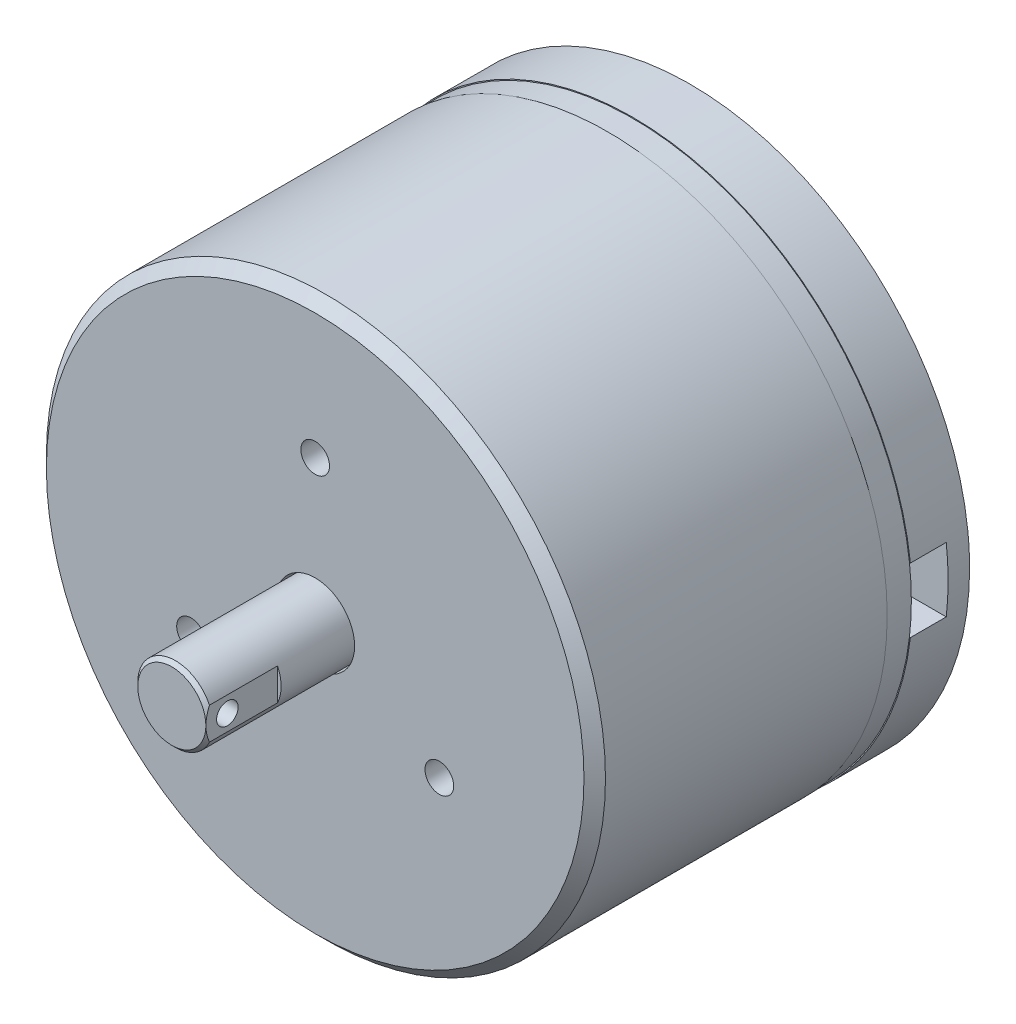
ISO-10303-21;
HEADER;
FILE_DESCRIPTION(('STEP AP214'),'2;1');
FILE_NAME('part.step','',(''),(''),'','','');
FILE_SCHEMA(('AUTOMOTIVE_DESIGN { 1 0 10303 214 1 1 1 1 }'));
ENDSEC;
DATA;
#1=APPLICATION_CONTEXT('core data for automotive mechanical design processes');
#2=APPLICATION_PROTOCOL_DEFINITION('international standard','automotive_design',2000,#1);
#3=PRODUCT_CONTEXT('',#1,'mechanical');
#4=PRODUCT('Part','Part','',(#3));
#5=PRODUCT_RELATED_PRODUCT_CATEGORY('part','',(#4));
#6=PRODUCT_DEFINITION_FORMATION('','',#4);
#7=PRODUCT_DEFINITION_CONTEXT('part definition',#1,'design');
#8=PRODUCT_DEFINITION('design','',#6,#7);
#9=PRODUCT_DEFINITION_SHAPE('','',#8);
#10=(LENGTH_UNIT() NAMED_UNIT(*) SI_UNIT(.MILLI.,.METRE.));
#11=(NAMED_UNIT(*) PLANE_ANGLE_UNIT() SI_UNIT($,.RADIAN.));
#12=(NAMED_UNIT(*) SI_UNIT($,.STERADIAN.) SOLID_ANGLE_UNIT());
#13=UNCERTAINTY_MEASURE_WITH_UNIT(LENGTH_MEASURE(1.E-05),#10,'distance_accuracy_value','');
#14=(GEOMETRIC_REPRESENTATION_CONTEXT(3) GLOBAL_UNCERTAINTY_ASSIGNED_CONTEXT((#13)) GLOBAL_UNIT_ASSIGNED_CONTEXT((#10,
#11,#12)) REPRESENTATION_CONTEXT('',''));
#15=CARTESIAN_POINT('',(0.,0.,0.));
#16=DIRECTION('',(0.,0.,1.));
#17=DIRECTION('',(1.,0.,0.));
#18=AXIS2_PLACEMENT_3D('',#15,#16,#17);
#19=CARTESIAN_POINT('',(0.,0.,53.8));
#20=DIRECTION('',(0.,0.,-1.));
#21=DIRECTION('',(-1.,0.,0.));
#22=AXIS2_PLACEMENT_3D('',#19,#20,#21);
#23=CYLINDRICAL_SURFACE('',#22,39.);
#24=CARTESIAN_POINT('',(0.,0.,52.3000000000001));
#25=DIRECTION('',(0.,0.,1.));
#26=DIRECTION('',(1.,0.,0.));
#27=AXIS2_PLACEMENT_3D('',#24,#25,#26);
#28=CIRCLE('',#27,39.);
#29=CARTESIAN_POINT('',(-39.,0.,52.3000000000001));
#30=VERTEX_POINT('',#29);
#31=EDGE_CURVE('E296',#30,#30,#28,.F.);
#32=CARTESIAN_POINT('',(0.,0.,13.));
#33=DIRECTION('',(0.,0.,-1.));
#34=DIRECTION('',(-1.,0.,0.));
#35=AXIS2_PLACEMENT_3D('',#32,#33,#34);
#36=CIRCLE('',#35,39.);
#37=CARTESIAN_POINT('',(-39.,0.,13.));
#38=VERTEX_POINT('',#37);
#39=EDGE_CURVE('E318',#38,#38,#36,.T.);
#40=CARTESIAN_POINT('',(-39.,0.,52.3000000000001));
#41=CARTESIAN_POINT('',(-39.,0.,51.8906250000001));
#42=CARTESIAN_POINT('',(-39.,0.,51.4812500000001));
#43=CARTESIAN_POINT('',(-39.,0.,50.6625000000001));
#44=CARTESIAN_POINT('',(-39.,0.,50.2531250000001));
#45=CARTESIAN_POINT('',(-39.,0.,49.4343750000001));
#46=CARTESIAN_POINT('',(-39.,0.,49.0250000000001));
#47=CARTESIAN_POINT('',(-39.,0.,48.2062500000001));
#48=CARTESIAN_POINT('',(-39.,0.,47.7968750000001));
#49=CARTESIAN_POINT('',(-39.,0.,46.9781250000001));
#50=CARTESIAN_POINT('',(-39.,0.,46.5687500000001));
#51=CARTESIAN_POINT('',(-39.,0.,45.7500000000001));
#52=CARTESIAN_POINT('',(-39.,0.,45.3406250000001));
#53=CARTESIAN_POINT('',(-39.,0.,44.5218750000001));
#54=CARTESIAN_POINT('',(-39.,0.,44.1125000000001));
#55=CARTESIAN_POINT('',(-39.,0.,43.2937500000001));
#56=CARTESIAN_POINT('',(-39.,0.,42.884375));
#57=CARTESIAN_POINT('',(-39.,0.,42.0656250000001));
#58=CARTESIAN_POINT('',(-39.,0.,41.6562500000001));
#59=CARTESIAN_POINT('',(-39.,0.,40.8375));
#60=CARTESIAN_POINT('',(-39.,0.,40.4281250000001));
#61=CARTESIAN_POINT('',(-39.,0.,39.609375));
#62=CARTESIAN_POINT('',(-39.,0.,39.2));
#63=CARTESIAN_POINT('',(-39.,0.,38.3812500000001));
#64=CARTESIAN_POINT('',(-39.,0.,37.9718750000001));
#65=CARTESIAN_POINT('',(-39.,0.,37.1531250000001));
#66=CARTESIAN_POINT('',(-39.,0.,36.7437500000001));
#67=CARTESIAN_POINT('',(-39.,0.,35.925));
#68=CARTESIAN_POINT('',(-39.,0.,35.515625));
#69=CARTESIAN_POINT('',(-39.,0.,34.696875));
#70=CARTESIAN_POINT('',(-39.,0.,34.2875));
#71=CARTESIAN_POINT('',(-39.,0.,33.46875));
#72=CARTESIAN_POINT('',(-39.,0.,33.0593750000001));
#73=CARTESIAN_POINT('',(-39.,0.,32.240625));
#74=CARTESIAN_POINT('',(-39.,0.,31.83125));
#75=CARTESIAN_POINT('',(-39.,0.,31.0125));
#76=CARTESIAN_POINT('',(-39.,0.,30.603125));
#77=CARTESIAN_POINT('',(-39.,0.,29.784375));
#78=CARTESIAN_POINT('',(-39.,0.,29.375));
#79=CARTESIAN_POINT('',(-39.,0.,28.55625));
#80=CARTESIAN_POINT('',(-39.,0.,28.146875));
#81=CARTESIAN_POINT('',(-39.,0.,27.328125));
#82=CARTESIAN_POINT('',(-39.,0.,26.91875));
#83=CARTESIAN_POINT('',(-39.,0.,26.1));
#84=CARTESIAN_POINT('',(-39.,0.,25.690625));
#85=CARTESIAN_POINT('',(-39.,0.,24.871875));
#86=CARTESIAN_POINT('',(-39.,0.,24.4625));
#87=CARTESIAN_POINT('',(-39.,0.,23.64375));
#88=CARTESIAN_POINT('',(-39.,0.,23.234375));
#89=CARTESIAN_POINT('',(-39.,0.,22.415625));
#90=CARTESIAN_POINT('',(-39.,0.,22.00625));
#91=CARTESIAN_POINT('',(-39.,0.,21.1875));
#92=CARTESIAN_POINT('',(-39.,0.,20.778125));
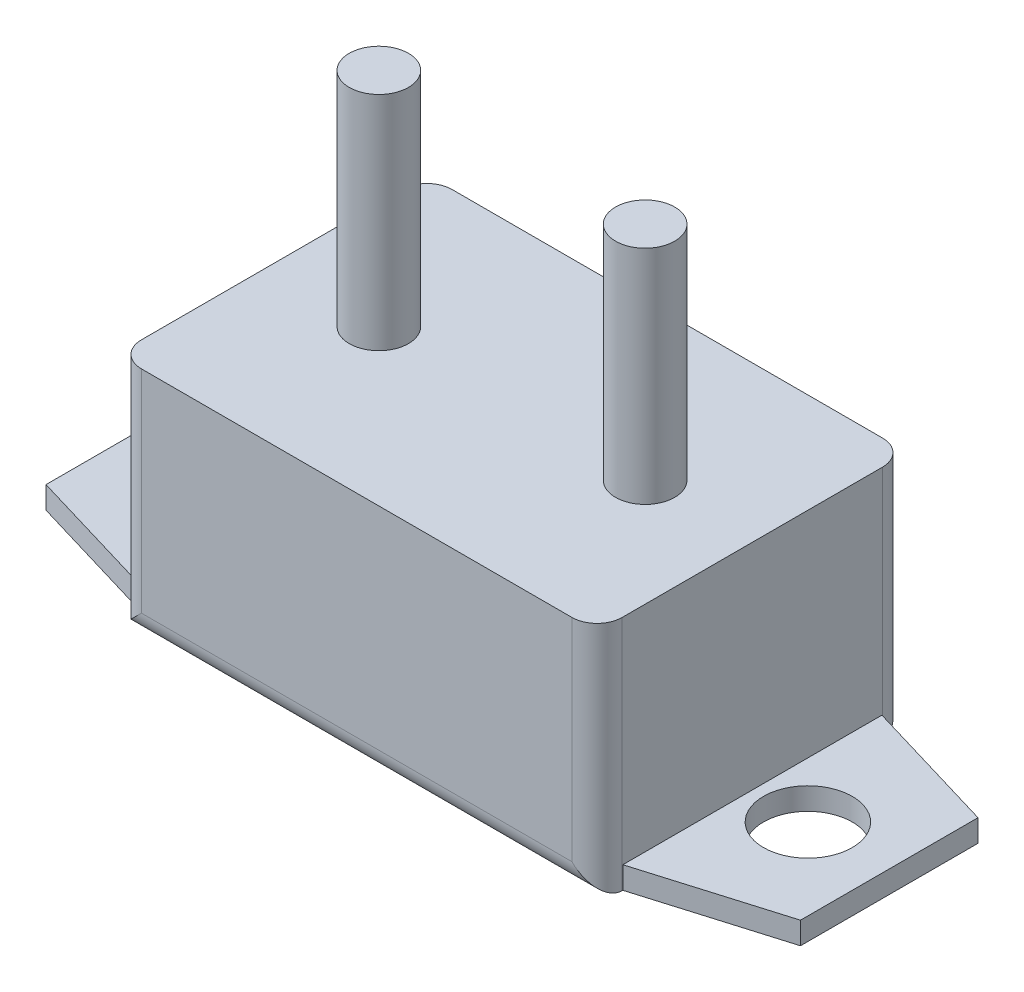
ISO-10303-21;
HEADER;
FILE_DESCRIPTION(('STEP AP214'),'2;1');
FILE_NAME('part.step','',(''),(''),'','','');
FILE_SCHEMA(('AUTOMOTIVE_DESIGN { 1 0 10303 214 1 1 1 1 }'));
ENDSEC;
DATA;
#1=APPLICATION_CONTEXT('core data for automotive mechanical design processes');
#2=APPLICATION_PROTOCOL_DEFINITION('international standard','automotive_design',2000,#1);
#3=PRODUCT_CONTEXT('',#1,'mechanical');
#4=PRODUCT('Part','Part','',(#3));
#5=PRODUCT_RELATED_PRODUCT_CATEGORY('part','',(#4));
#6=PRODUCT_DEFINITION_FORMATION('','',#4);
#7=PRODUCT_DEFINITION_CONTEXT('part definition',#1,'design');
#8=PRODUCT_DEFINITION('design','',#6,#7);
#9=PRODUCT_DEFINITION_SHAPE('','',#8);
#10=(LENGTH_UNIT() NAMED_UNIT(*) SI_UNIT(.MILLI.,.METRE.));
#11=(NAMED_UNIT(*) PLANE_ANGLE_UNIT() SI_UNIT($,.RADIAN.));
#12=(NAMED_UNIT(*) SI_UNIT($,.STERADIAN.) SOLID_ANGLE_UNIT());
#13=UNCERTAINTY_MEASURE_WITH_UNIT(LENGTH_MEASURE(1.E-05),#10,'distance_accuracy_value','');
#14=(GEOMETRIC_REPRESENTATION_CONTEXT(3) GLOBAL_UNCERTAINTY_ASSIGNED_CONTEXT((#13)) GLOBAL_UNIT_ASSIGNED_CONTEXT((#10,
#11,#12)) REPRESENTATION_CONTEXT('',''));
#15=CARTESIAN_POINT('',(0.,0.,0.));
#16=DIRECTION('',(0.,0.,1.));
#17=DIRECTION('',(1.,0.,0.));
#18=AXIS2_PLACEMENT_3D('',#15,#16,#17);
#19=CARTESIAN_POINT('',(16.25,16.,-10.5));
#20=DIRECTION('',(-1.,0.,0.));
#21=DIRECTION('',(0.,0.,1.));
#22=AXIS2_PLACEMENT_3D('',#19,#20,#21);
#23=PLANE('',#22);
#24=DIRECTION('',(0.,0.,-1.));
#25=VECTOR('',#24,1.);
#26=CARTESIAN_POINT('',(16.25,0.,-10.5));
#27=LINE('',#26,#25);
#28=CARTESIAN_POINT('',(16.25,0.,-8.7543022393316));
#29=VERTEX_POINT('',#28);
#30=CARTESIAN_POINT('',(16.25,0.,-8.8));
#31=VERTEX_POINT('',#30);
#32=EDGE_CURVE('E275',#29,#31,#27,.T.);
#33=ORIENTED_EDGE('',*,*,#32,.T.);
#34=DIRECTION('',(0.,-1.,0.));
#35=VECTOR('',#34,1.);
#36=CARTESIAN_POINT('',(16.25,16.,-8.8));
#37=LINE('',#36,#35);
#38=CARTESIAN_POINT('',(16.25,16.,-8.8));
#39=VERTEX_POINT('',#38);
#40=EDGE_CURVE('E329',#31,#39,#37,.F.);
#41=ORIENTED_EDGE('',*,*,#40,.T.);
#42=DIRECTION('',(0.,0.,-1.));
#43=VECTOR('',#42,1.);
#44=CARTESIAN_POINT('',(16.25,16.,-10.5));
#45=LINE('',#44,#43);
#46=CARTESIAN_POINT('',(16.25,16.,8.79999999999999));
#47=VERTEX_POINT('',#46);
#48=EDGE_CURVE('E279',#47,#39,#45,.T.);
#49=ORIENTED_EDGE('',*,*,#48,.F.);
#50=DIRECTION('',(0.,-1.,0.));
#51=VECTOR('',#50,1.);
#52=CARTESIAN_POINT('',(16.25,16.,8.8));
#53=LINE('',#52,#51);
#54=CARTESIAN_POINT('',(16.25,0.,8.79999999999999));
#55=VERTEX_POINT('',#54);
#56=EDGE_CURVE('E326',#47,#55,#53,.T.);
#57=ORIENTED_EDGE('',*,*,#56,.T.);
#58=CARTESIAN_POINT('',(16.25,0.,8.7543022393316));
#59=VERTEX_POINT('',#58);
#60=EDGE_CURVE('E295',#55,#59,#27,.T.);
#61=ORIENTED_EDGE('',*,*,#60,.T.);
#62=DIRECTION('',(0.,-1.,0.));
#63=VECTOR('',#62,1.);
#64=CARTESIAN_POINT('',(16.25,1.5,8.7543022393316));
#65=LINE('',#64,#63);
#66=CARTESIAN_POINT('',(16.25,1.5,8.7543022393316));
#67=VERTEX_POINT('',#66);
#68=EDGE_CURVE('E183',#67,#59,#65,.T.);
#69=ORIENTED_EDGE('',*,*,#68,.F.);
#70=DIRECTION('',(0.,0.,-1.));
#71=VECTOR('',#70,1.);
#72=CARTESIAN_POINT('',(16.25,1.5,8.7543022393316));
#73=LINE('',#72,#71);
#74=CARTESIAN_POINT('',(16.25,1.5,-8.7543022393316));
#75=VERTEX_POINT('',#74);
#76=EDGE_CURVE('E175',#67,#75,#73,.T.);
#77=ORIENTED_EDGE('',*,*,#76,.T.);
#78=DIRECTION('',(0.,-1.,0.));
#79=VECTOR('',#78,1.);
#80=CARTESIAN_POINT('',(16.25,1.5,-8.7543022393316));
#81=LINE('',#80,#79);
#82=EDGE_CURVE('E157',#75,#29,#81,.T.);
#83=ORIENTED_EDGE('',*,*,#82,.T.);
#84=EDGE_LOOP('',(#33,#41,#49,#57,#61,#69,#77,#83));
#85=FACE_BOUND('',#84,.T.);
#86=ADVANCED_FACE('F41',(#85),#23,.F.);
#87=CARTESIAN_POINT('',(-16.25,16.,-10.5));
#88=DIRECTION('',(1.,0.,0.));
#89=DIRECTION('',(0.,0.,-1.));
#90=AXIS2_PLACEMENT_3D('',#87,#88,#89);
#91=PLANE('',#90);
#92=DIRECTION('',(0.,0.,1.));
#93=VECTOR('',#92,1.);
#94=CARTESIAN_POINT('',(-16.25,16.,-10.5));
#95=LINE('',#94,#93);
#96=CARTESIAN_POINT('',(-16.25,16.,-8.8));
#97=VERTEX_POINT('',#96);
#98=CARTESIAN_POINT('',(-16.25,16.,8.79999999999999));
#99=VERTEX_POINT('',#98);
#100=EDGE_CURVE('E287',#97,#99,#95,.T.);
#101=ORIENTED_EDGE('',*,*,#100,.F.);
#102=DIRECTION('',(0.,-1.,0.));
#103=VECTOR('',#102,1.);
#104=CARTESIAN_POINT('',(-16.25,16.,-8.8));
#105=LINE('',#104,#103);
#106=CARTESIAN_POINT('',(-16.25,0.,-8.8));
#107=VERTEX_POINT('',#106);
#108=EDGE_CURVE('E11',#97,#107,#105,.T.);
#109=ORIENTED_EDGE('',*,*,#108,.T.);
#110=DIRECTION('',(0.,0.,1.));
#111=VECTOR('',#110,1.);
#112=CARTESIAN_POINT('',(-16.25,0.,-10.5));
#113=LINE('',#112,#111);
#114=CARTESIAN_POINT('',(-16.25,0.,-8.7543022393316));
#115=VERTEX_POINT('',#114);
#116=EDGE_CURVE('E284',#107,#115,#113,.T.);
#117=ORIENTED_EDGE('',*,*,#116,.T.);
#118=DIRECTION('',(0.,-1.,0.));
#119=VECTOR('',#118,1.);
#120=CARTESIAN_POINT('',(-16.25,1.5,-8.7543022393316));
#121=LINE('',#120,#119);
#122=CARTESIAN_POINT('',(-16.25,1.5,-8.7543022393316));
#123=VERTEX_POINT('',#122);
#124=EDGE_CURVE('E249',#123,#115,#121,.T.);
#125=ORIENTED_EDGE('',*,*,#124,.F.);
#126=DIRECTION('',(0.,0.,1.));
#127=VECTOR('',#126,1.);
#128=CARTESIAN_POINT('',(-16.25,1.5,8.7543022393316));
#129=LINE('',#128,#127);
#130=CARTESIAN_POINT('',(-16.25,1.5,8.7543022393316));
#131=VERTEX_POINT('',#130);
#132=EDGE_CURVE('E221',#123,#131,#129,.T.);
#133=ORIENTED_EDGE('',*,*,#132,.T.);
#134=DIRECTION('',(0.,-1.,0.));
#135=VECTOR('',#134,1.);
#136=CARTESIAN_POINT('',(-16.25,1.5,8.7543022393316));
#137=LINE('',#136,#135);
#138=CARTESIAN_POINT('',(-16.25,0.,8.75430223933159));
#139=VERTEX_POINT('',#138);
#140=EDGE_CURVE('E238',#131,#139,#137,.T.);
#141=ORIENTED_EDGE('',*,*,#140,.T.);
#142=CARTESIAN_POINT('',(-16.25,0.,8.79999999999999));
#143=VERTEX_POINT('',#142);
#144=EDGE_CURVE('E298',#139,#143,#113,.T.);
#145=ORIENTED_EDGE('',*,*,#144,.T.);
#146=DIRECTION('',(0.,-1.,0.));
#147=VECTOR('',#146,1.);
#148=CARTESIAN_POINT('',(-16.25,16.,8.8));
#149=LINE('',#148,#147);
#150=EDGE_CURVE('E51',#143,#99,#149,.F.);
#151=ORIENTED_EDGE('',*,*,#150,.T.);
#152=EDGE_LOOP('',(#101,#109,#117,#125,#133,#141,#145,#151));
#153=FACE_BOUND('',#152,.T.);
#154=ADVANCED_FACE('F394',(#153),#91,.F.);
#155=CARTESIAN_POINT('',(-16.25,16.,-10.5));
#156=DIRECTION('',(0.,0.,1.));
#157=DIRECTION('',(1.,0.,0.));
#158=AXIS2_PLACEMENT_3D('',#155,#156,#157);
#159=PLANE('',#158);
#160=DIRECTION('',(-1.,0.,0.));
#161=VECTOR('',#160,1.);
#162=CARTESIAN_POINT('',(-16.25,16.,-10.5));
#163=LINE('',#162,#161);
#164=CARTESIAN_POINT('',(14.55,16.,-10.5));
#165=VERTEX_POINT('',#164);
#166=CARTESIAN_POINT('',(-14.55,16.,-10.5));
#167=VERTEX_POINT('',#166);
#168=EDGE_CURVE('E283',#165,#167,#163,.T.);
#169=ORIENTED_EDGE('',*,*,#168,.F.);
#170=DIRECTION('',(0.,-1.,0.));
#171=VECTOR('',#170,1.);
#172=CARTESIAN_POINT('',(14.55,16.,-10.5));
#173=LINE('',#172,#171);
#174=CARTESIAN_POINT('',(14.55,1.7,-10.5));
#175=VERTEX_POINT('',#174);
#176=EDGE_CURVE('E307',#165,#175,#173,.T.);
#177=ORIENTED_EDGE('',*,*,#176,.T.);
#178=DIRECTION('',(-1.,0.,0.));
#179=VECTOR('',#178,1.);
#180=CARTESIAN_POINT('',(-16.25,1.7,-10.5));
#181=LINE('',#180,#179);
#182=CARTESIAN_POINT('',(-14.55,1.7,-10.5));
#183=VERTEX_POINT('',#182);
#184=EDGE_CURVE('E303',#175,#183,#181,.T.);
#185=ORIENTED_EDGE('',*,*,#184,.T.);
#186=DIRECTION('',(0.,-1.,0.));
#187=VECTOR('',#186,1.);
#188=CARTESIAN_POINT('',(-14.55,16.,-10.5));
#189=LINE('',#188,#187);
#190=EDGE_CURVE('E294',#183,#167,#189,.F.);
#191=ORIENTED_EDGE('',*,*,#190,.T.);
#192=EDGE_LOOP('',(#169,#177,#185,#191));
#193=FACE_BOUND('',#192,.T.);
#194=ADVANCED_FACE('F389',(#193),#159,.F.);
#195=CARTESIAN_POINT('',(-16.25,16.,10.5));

### AIM OF THE EXERCISE
Using the entries above, return exactly the lines from the line with "#78=DIRECTION('',(0.,-1.,0.));" to the line with "#105=LINE('',#104,#103);", counting both of those lines.

### RESULT OF THIS TASK
#78=DIRECTION('',(0.,-1.,0.));
#79=VECTOR('',#78,1.);
#80=CARTESIAN_POINT('',(16.25,1.5,-8.7543022393316));
#81=LINE('',#80,#79);
#82=EDGE_CURVE('E157',#75,#29,#81,.T.);
#83=ORIENTED_EDGE('',*,*,#82,.T.);
#84=EDGE_LOOP('',(#33,#41,#49,#57,#61,#69,#77,#83));
#85=FACE_BOUND('',#84,.T.);
#86=ADVANCED_FACE('F41',(#85),#23,.F.);
#87=CARTESIAN_POINT('',(-16.25,16.,-10.5));
#88=DIRECTION('',(1.,0.,0.));
#89=DIRECTION('',(0.,0.,-1.));
#90=AXIS2_PLACEMENT_3D('',#87,#88,#89);
#91=PLANE('',#90);
#92=DIRECTION('',(0.,0.,1.));
#93=VECTOR('',#92,1.);
#94=CARTESIAN_POINT('',(-16.25,16.,-10.5));
#95=LINE('',#94,#93);
#96=CARTESIAN_POINT('',(-16.25,16.,-8.8));
#97=VERTEX_POINT('',#96);
#98=CARTESIAN_POINT('',(-16.25,16.,8.79999999999999));
#99=VERTEX_POINT('',#98);
#100=EDGE_CURVE('E287',#97,#99,#95,.T.);
#101=ORIENTED_EDGE('',*,*,#100,.F.);
#102=DIRECTION('',(0.,-1.,0.));
#103=VECTOR('',#102,1.);
#104=CARTESIAN_POINT('',(-16.25,16.,-8.8));
#105=LINE('',#104,#103);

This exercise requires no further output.